I didn't know there's an Italian jeans manufacturer Rifle . The connection looks more than obvious, so I'd say yes.


----------



## nexy

In Serbia we call them *farmerice/farmerke* (derived from the word *farm *which probably refers to ranches in America (Texas)). References to the US are common.


----------



## Darina

In Bulgarian, jeans are called дънки (donkey?), whereas джинси are corduroy trousers. What a mess!


----------



## dudasd

nexy said:


> In Serbia we call them *farmerice/farmerke* (derived from the word *farm *which probably refers to ranches in America (Texas)). References to the US are common.


 
Derived from _farmer_, actually, for it were farmers in Western movies who wore them.  _Farmerke_ is older, from late 60's, I can't remember that I heard word _farmerice _till 80's, be it directly from people or on TV. Also, when I was a child (long time ago  ) older people called them "teksas pantalone" ("Texas trousers").


----------



## Piotr_WRF

In Polish _jeans_ are called _dżinsy_, which is obviously derived from the English word.


----------



## Maroseika

In Russian it's джинсы, but formerly, in 60-70th it was техасы (from Texas), maybe after some exact trousers trade mark.


----------



## Azori

In Czech, jeans are džínsy, džíny  or rifle.


----------



## TriglavNationalPark

I see that many Slavic languages have adapted the English-language word "jeans" in one form or another. In colloquial Slovenian, *džins* exists as well, but it refers to "denim", the material that jeans (and some other articles of clothing) are made of.


----------



## Piotr_WRF

TriglavNationalPark said:


> In colloquial Slovenian, *džins* exists as well, but it refers to "denim", the material that jeans (and some other articles of clothing) are made of.

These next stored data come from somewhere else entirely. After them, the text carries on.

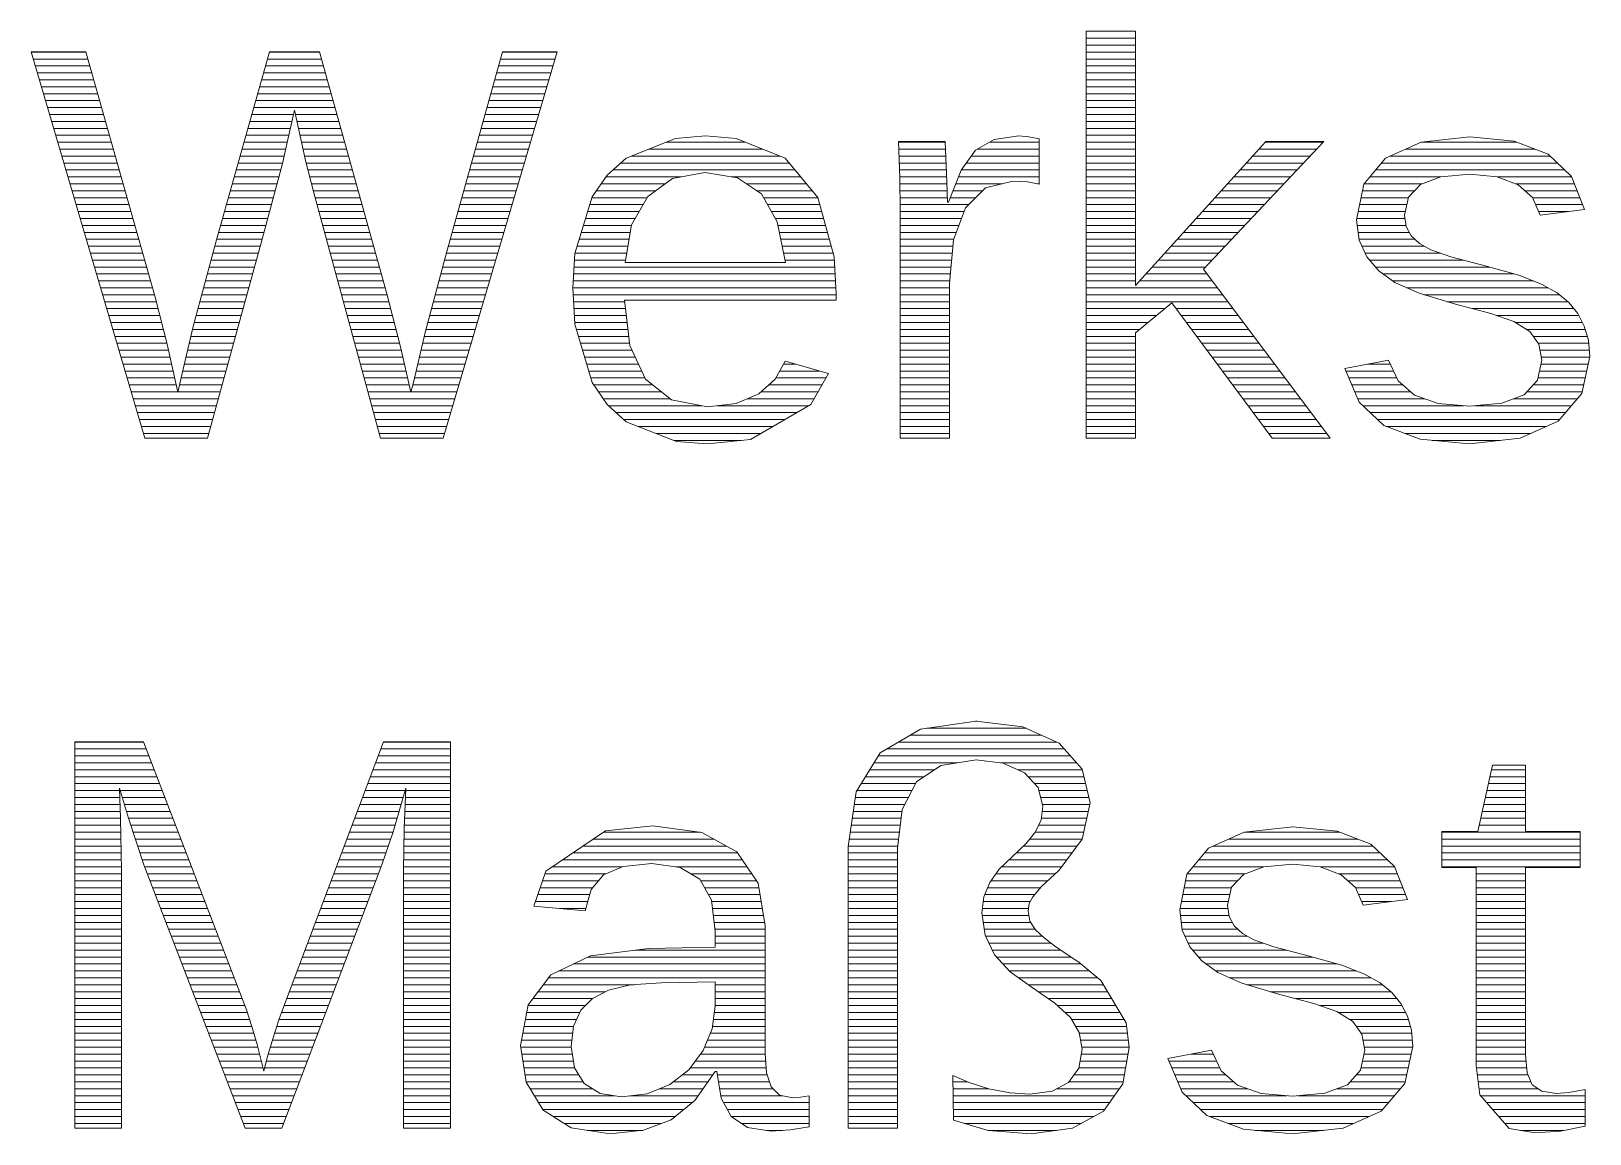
# Model space of a CAD drawing. Header units: millimetres. Extents: x 20 to 410, y 10 to 287.
# Drawn here: x 230.45 to 243.94, y 48.25 to 57.79 of the extents above; entities that cross this region are included whole.
import ezdxf

# ---------------------------------------------------------------- set-up
doc = ezdxf.new("R2010")
doc.units = ezdxf.units.MM
doc.layers.add('TEXT', color=7, linetype='Continuous', lineweight=13)

msp = doc.modelspace()

# ---------------------------------------------------------------- linework, layer by layer
at = {"layer": 'TEXT', "lineweight": 13}
for p, q in [((239.58, 57.792), (240.007, 57.792)), ((239.58, 57.732), (240.007, 57.732)), ((230.452, 57.612), (230.924, 57.612)), ((232.511, 57.612), (232.947, 57.612)), ((234.529, 57.612), (235.001, 57.612)), ((239.58, 57.672), (240.007, 57.672)), ((239.58, 57.612), (240.007, 57.612)), ((230.47, 57.552), (230.941, 57.552)), ((230.487, 57.492), (230.958, 57.492)), ((232.478, 57.492), (232.98, 57.492)), ((232.494, 57.552), (232.964, 57.552)), ((234.495, 57.492), (234.966, 57.492)), ((234.512, 57.552), (234.983, 57.552)), ((239.58, 57.552), (240.007, 57.552)), ((239.58, 57.492), (240.007, 57.492)), ((230.505, 57.432), (230.975, 57.432)), ((230.523, 57.372), (230.992, 57.372)), ((232.444, 57.372), (233.014, 57.372)), ((232.461, 57.432), (232.997, 57.432)), ((234.462, 57.372), (234.93, 57.372)), ((234.479, 57.432), (234.948, 57.432)), ((239.58, 57.432), (240.007, 57.432)), ((239.58, 57.372), (240.007, 57.372)), ((230.54, 57.312), (231.009, 57.312)), ((230.558, 57.252), (231.026, 57.252)), ((230.576, 57.192), (231.043, 57.192)), ((232.393, 57.192), (233.064, 57.192)), ((232.41, 57.252), (233.047, 57.252)), ((232.427, 57.312), (233.031, 57.312)), ((234.412, 57.192), (234.877, 57.192)), ((234.429, 57.252), (234.895, 57.252)), ((234.445, 57.312), (234.913, 57.312)), ((239.58, 57.312), (240.007, 57.312)), ((239.58, 57.252), (240.007, 57.252)), ((239.58, 57.192), (240.007, 57.192)), ((230.593, 57.132), (231.06, 57.132)), ((230.611, 57.072), (231.077, 57.072)), ((232.36, 57.072), (232.722, 57.072)), ((232.377, 57.132), (233.081, 57.132)), ((232.738, 57.072), (233.098, 57.072)), ((234.379, 57.072), (234.842, 57.072)), ((234.395, 57.132), (234.86, 57.132)), ((239.58, 57.132), (240.007, 57.132)), ((239.58, 57.072), (240.007, 57.072)), ((230.629, 57.012), (231.094, 57.012)), ((230.646, 56.952), (231.111, 56.952)), ((232.326, 56.952), (232.695, 56.952)), ((232.343, 57.012), (232.708, 57.012)), ((232.751, 57.012), (233.115, 57.012)), ((232.765, 56.952), (233.131, 56.952)), ((234.345, 56.952), (234.807, 56.952)), ((234.362, 57.012), (234.824, 57.012)), ((239.58, 57.012), (240.007, 57.012)), ((239.58, 56.952), (240.007, 56.952)), ((230.664, 56.892), (231.128, 56.892)), ((230.682, 56.832), (231.145, 56.832)), ((232.292, 56.832), (232.667, 56.832)), ((232.309, 56.892), (232.681, 56.892)), ((232.778, 56.892), (233.148, 56.892)), ((232.791, 56.832), (233.165, 56.832)), ((234.312, 56.832), (234.771, 56.832)), ((234.329, 56.892), (234.789, 56.892)), ((235.943, 56.832), (236.631, 56.832)), ((237.957, 56.832), (238.36, 56.832)), ((238.742, 56.832), (239.172, 56.832)), ((239.58, 56.892), (240.007, 56.892)), ((239.58, 56.832), (240.007, 56.832)), ((241.129, 56.832), (241.63, 56.832)), ((242.478, 56.832), (243.305, 56.832)), ((230.699, 56.772), (231.162, 56.772)), ((230.717, 56.712), (231.179, 56.712)), ((230.735, 56.652), (231.196, 56.652)), ((232.242, 56.652), (232.626, 56.652)), ((232.259, 56.712), (232.64, 56.712)), ((232.276, 56.772), (232.654, 56.772)), ((232.804, 56.772), (233.182, 56.772)), ((232.817, 56.712), (233.198, 56.712)), ((232.831, 56.652), (233.215, 56.652)), ((234.262, 56.652), (234.718, 56.652)), ((234.279, 56.712), (234.736, 56.712)), ((234.295, 56.772), (234.754, 56.772)), ((235.552, 56.652), (237.01, 56.652)), ((235.643, 56.712), (236.93, 56.712)), ((235.793, 56.772), (236.781, 56.772)), ((237.959, 56.772), (238.362, 56.772)), ((237.961, 56.712), (238.365, 56.712)), ((237.963, 56.652), (238.367, 56.652)), ((238.542, 56.652), (239.172, 56.652)), ((238.585, 56.712), (239.172, 56.712)), ((238.637, 56.772), (239.172, 56.772)), ((239.58, 56.772), (240.007, 56.772)), ((239.58, 56.712), (240.007, 56.712)), ((239.58, 56.652), (240.007, 56.652)), ((240.966, 56.652), (241.46, 56.652)), ((241.02, 56.712), (241.517, 56.712)), ((241.075, 56.772), (241.573, 56.772)), ((242.135, 56.652), (243.656, 56.652)), ((242.21, 56.712), (243.593, 56.712)), ((242.344, 56.772), (243.462, 56.772)), ((230.752, 56.592), (231.213, 56.592)), ((230.77, 56.532), (231.23, 56.532)), ((232.208, 56.532), (232.594, 56.532)), ((232.225, 56.592), (232.61, 56.592)), ((232.846, 56.592), (233.232, 56.592)), ((232.862, 56.532), (233.249, 56.532)), ((234.228, 56.532), (234.683, 56.532)), ((234.245, 56.592), (234.701, 56.592)), ((235.425, 56.532), (236.076, 56.532)), ((235.485, 56.592), (237.06, 56.592)), ((236.508, 56.532), (237.11, 56.532)), ((237.965, 56.592), (238.37, 56.592)), ((237.967, 56.532), (238.372, 56.532)), ((238.475, 56.532), (239.172, 56.532)), ((238.499, 56.592), (239.172, 56.592)), ((239.58, 56.592), (240.007, 56.592)), ((239.58, 56.532), (240.007, 56.532)), ((240.858, 56.532), (241.347, 56.532)), ((240.912, 56.592), (241.403, 56.592)), ((242.035, 56.532), (242.645, 56.532)), ((242.085, 56.592), (243.719, 56.592)), ((243.136, 56.532), (243.781, 56.532)), ((230.788, 56.472), (231.247, 56.472)), ((230.805, 56.412), (231.264, 56.412)), ((232.175, 56.412), (232.562, 56.412)), ((232.191, 56.472), (232.578, 56.472)), ((232.877, 56.472), (233.265, 56.472)), ((232.892, 56.412), (233.282, 56.412)), ((234.195, 56.412), (234.648, 56.412)), ((234.212, 56.472), (234.665, 56.472)), ((235.342, 56.412), (235.855, 56.412)), ((235.383, 56.472), (235.937, 56.472)), ((236.638, 56.472), (237.159, 56.472)), ((236.728, 56.412), (237.209, 56.412)), ((237.968, 56.472), (238.374, 56.472)), ((237.969, 56.412), (238.376, 56.412)), ((238.427, 56.412), (238.685, 56.412)), ((238.451, 56.472), (238.855, 56.472)), ((239.162, 56.472), (239.172, 56.472)), ((239.58, 56.472), (240.007, 56.472)), ((239.58, 56.412), (240.007, 56.412)), ((240.749, 56.412), (241.233, 56.412)), ((240.803, 56.472), (241.29, 56.472)), ((241.971, 56.412), (242.421, 56.412)), ((241.986, 56.472), (242.485, 56.472)), ((243.296, 56.472), (243.805, 56.472)), ((243.376, 56.412), (243.828, 56.412)), ((230.823, 56.352), (231.281, 56.352)), ((230.841, 56.292), (231.298, 56.292)), ((232.141, 56.292), (232.53, 56.292)), ((232.158, 56.352), (232.546, 56.352)), ((232.908, 56.352), (233.299, 56.352)), ((232.924, 56.292), (233.316, 56.292)), ((234.162, 56.292), (234.612, 56.292)), ((234.178, 56.352), (234.63, 56.352)), ((235.284, 56.292), (235.747, 56.292)), ((235.303, 56.352), (235.781, 56.352)), ((236.788, 56.352), (237.259, 56.352)), ((236.822, 56.292), (237.275, 56.292)), ((237.969, 56.352), (238.378, 56.352)), ((237.97, 56.292), (238.565, 56.292)), ((238.404, 56.352), (238.625, 56.352)), ((239.58, 56.352), (240.007, 56.352)), ((239.58, 56.292), (240.007, 56.292)), ((240.64, 56.292), (241.12, 56.292)), ((240.695, 56.352), (241.177, 56.352)), ((241.947, 56.292), (242.355, 56.292)), ((241.959, 56.352), (242.368, 56.352)), ((243.443, 56.352), (243.852, 56.352)), ((243.469, 56.292), (243.875, 56.292)), ((230.858, 56.232), (231.315, 56.232)), ((230.876, 56.172), (231.332, 56.172)), ((230.894, 56.112), (231.349, 56.112)), ((232.09, 56.112), (232.482, 56.112)), ((232.107, 56.172), (232.498, 56.172)), ((232.124, 56.232), (232.514, 56.232)), ((232.94, 56.232), (233.332, 56.232)), ((232.957, 56.172), (233.349, 56.172)), ((232.973, 56.112), (233.366, 56.112)), ((234.112, 56.112), (234.559, 56.112)), ((234.128, 56.172), (234.577, 56.172)), ((234.145, 56.232), (234.595, 56.232)), ((235.229, 56.112), (235.646, 56.112)), ((235.248, 56.172), (235.679, 56.172)), ((235.266, 56.232), (235.713, 56.232)), ((236.856, 56.232), (237.292, 56.232)), ((236.89, 56.172), (237.309, 56.172)), ((236.913, 56.112), (237.325, 56.112)), ((237.971, 56.232), (238.525, 56.232)), ((237.971, 56.172), (238.503, 56.172)), ((237.971, 56.112), (238.48, 56.112)), ((239.58, 56.232), (240.007, 56.232)), ((239.58, 56.172), (240.007, 56.172)), ((239.58, 56.112), (240.007, 56.112)), ((240.477, 56.112), (240.95, 56.112)), ((240.532, 56.172), (241.007, 56.172)), ((240.586, 56.232), (241.064, 56.232)), ((241.923, 56.172), (242.339, 56.172)), ((241.926, 56.112), (242.348, 56.112)), ((241.935, 56.232), (242.342, 56.232)), ((243.495, 56.232), (243.752, 56.232)), ((230.911, 56.052), (231.365, 56.052)), ((230.929, 55.992), (231.382, 55.992)), ((232.057, 55.992), (232.45, 55.992)), ((232.073, 56.052), (232.466, 56.052)), ((232.99, 56.052), (233.383, 56.052)), ((233.006, 55.992), (233.399, 55.992)), ((234.078, 55.992), (234.524, 55.992)), ((234.095, 56.052), (234.542, 56.052)), ((235.193, 55.992), (235.625, 55.992)), ((235.211, 56.052), (235.636, 56.052)), ((236.925, 56.052), (237.342, 56.052)), ((236.937, 55.992), (237.358, 55.992)), ((237.971, 56.052), (238.457, 56.052)), ((237.971, 55.992), (238.435, 55.992)), ((239.58, 56.052), (240.007, 56.052)), ((239.58, 55.992), (240.007, 55.992)), ((240.369, 55.992), (240.837, 55.992)), ((240.423, 56.052), (240.894, 56.052)), ((241.934, 56.052), (242.376, 56.052)), ((241.941, 55.992), (242.424, 55.992)), ((230.947, 55.932), (231.399, 55.932)), ((230.964, 55.872), (231.416, 55.872)), ((232.024, 55.872), (232.418, 55.872)), ((232.04, 55.932), (232.434, 55.932)), ((233.022, 55.932), (233.416, 55.932)), ((233.039, 55.872), (233.433, 55.872)), ((234.045, 55.872), (234.489, 55.872)), ((234.062, 55.932), (234.506, 55.932)), ((235.156, 55.872), (235.604, 55.872)), ((235.174, 55.932), (235.615, 55.932)), ((236.949, 55.932), (237.375, 55.932)), ((236.961, 55.872), (237.392, 55.872)), ((237.971, 55.932), (238.428, 55.932)), ((237.971, 55.872), (238.422, 55.872)), ((239.58, 55.932), (240.007, 55.932)), ((239.58, 55.872), (240.007, 55.872)), ((240.26, 55.872), (240.724, 55.872)), ((240.315, 55.932), (240.78, 55.932)), ((241.966, 55.932), (242.505, 55.932)), ((241.993, 55.872), (242.644, 55.872)), ((230.982, 55.812), (231.433, 55.812)), ((231, 55.752), (231.45, 55.752)), ((231.992, 55.752), (232.385, 55.752)), ((232.008, 55.812), (232.401, 55.812)), ((233.055, 55.812), (233.45, 55.812)), ((233.071, 55.752), (233.466, 55.752)), ((234.013, 55.752), (234.453, 55.752)), ((234.029, 55.812), (234.471, 55.812)), ((235.148, 55.752), (237.405, 55.752)), ((235.152, 55.812), (235.594, 55.812)), ((236.972, 55.812), (237.402, 55.812)), ((237.971, 55.812), (238.416, 55.812)), ((237.971, 55.752), (238.411, 55.752)), ((239.58, 55.812), (240.007, 55.812)), ((239.58, 55.752), (240.007, 55.752)), ((240.152, 55.752), (240.61, 55.752)), ((240.206, 55.812), (240.667, 55.812)), ((242.031, 55.812), (242.845, 55.812)), ((242.083, 55.752), (243.07, 55.752)), ((231.017, 55.692), (231.467, 55.692)), ((231.035, 55.632), (231.484, 55.632)), ((231.053, 55.572), (231.501, 55.572)), ((231.943, 55.572), (232.335, 55.572)), ((231.959, 55.632), (232.352, 55.632)), ((231.975, 55.692), (232.368, 55.692)), ((233.088, 55.692), (233.483, 55.692)), ((233.104, 55.632), (233.5, 55.632)), ((233.12, 55.572), (233.517, 55.572)), ((233.964, 55.572), (234.4, 55.572)), ((233.98, 55.632), (234.418, 55.632)), ((233.996, 55.692), (234.436, 55.692)), ((235.137, 55.572), (237.415, 55.572)), ((235.141, 55.632), (237.412, 55.632)), ((235.144, 55.692), (237.408, 55.692)), ((237.971, 55.692), (238.405, 55.692)), ((237.971, 55.632), (238.4, 55.632)), ((237.971, 55.572), (238.398, 55.572)), ((239.58, 55.692), (240.007, 55.692)), ((239.58, 55.632), (240.007, 55.632)), ((239.58, 55.572), (240.715, 55.572)), ((240.043, 55.632), (240.67, 55.632)), ((240.097, 55.692), (240.625, 55.692)), ((242.148, 55.692), (243.283, 55.692)), ((242.23, 55.632), (243.45, 55.632)), ((242.352, 55.572), (243.578, 55.572)), ((231.07, 55.512), (231.518, 55.512)), ((231.088, 55.452), (231.534, 55.452)), ((231.91, 55.452), (232.302, 55.452)), ((231.927, 55.512), (232.319, 55.512)), ((233.137, 55.512), (233.533, 55.512)), ((233.153, 55.452), (233.548, 55.452)), ((233.932, 55.452), (234.365, 55.452)), ((233.948, 55.512), (234.382, 55.512)), ((235.14, 55.512), (237.418, 55.512)), ((235.144, 55.452), (235.587, 55.452)), ((237.971, 55.512), (238.398, 55.512)), ((237.971, 55.452), (238.398, 55.452)), ((239.58, 55.512), (240.76, 55.512)), ((239.58, 55.452), (240.805, 55.452)), ((242.501, 55.512), (243.675, 55.512)), ((242.703, 55.452), (243.748, 55.452)), ((231.106, 55.392), (231.549, 55.392)), ((231.124, 55.332), (231.564, 55.332)), ((231.878, 55.332), (232.269, 55.332)), ((231.894, 55.392), (232.286, 55.392)), ((233.169, 55.392), (233.563, 55.392)), ((233.186, 55.332), (233.578, 55.332)), ((233.899, 55.332), (234.329, 55.332)), ((233.915, 55.392), (234.347, 55.392)), ((235.148, 55.392), (235.594, 55.392)), ((235.151, 55.332), (235.601, 55.332)), ((237.971, 55.392), (238.398, 55.392)), ((237.971, 55.332), (238.398, 55.332)), ((239.58, 55.392), (240.259, 55.392)), ((239.58, 55.332), (240.186, 55.332)), ((240.358, 55.392), (240.85, 55.392)), ((240.402, 55.332), (240.895, 55.332)), ((242.921, 55.392), (243.799, 55.392)), ((243.132, 55.332), (243.842, 55.332)), ((231.141, 55.272), (231.58, 55.272)), ((231.159, 55.212), (231.595, 55.212)), ((231.846, 55.212), (232.236, 55.212)), ((231.862, 55.272), (232.253, 55.272)), ((233.202, 55.272), (233.593, 55.272)), ((233.218, 55.212), (233.608, 55.212)), ((233.867, 55.212), (234.294, 55.212)), ((233.883, 55.272), (234.312, 55.272)), ((235.155, 55.272), (235.608, 55.272)), ((235.169, 55.212), (235.615, 55.212)), ((237.971, 55.272), (238.398, 55.272)), ((237.971, 55.212), (238.398, 55.212)), ((239.58, 55.272), (240.114, 55.272)), ((239.58, 55.212), (240.041, 55.212)), ((240.446, 55.272), (240.939, 55.272)), ((240.491, 55.212), (240.984, 55.212)), ((243.294, 55.272), (243.874, 55.272)), ((243.388, 55.212), (243.899, 55.212)), ((231.177, 55.152), (231.61, 55.152)), ((231.194, 55.092), (231.625, 55.092)), ((231.212, 55.032), (231.639, 55.032)), ((231.804, 55.032), (232.187, 55.032)), ((231.818, 55.092), (232.204, 55.092)), ((231.832, 55.152), (232.22, 55.152)), ((233.235, 55.152), (233.623, 55.152)), ((233.251, 55.092), (233.638, 55.092)), ((233.267, 55.032), (233.653, 55.032)), ((233.824, 55.032), (234.241, 55.032)), ((233.838, 55.092), (234.259, 55.092)), ((233.852, 55.152), (234.276, 55.152)), ((235.186, 55.152), (235.622, 55.152)), ((235.204, 55.092), (235.629, 55.092)), ((235.222, 55.032), (235.651, 55.032)), ((237.971, 55.152), (238.398, 55.152)), ((237.971, 55.092), (238.398, 55.092)), ((237.971, 55.032), (238.398, 55.032)), ((239.58, 55.152), (240.007, 55.152)), ((239.58, 55.092), (240.007, 55.092)), ((239.58, 55.032), (240.007, 55.032)), ((240.535, 55.152), (241.029, 55.152)), ((240.58, 55.092), (241.074, 55.092)), ((240.624, 55.032), (241.119, 55.032)), ((243.447, 55.152), (243.916, 55.152)), ((243.491, 55.092), (243.928, 55.092)), ((243.506, 55.032), (243.933, 55.032)), ((231.23, 54.972), (231.652, 54.972)), ((231.247, 54.912), (231.666, 54.912)), ((231.776, 54.912), (232.154, 54.912)), ((231.79, 54.972), (232.171, 54.972)), ((233.284, 54.972), (233.667, 54.972)), ((233.3, 54.912), (233.68, 54.912)), ((233.795, 54.912), (234.206, 54.912)), ((233.81, 54.972), (234.223, 54.972)), ((235.239, 54.972), (235.679, 54.972)), ((235.257, 54.912), (235.707, 54.912)), ((236.961, 54.912), (237.061, 54.912)), ((237.971, 54.972), (238.398, 54.972)), ((237.971, 54.912), (238.398, 54.912)), ((239.58, 54.972), (240.007, 54.972)), ((239.58, 54.912), (240.007, 54.912)), ((240.669, 54.972), (241.164, 54.972)), ((240.713, 54.912), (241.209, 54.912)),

_Dżins_ exists in Polish too, meaning _denim_, and it's even not colloquially.


----------



## DarkChild

In Bulgarian jeans are дънки/dynki, or джинси/djinsi. The first is much more common.


----------



## apocalypto

In Bosnian we call them "farmerke" or "džins"


----------



## cajzl

Czech: *džíny* or *džínsy* (from _jeans_ from _Genovese_), also *texasky*

*rifle,** levisky* and *štrausky* are brand names (Rifle, Levi Strauss)

The official police jargon (esp. in former Czechoslovakia):

*texaskové kalhoty* (Czech) and *texaskové nohavice* (Slovak)


----------



## Flameberg

Ukrainian: джинси


----------



## nimak

*Macedonian*

In Macedonian jeans are called фармерки (farmerki) ['farmɛrki]


----------



## elroy

TriglavNationalPark said:


> In Slovenian, jeans are known as *kavbojke *(pronounced "cowboyke")


 This is very interesting, because in Palestinian Arabic one of the words for "jeans" is "kawbōy."  Judging by this thread, it looks like Slovenian may be the only Slavic language that uses a word derived from "cowboy" for "jeans"!  A Slovenian-(Palestinian) Arabic connection -- who knew! 

Now I'm curious whether other Arabic dialects have the same borrowing as well, so I'm starting a thread in the Arabic forum.


----------



## nimak

TriglavNationalPark said:


> In Slovenian, *jeans* are known as *kavbojke *(pronounced "cowboyke") ...





elroy said:


> This is very interesting, because in Palestinian Arabic one of the words for "*jeans*" is "*kawbōy*." ...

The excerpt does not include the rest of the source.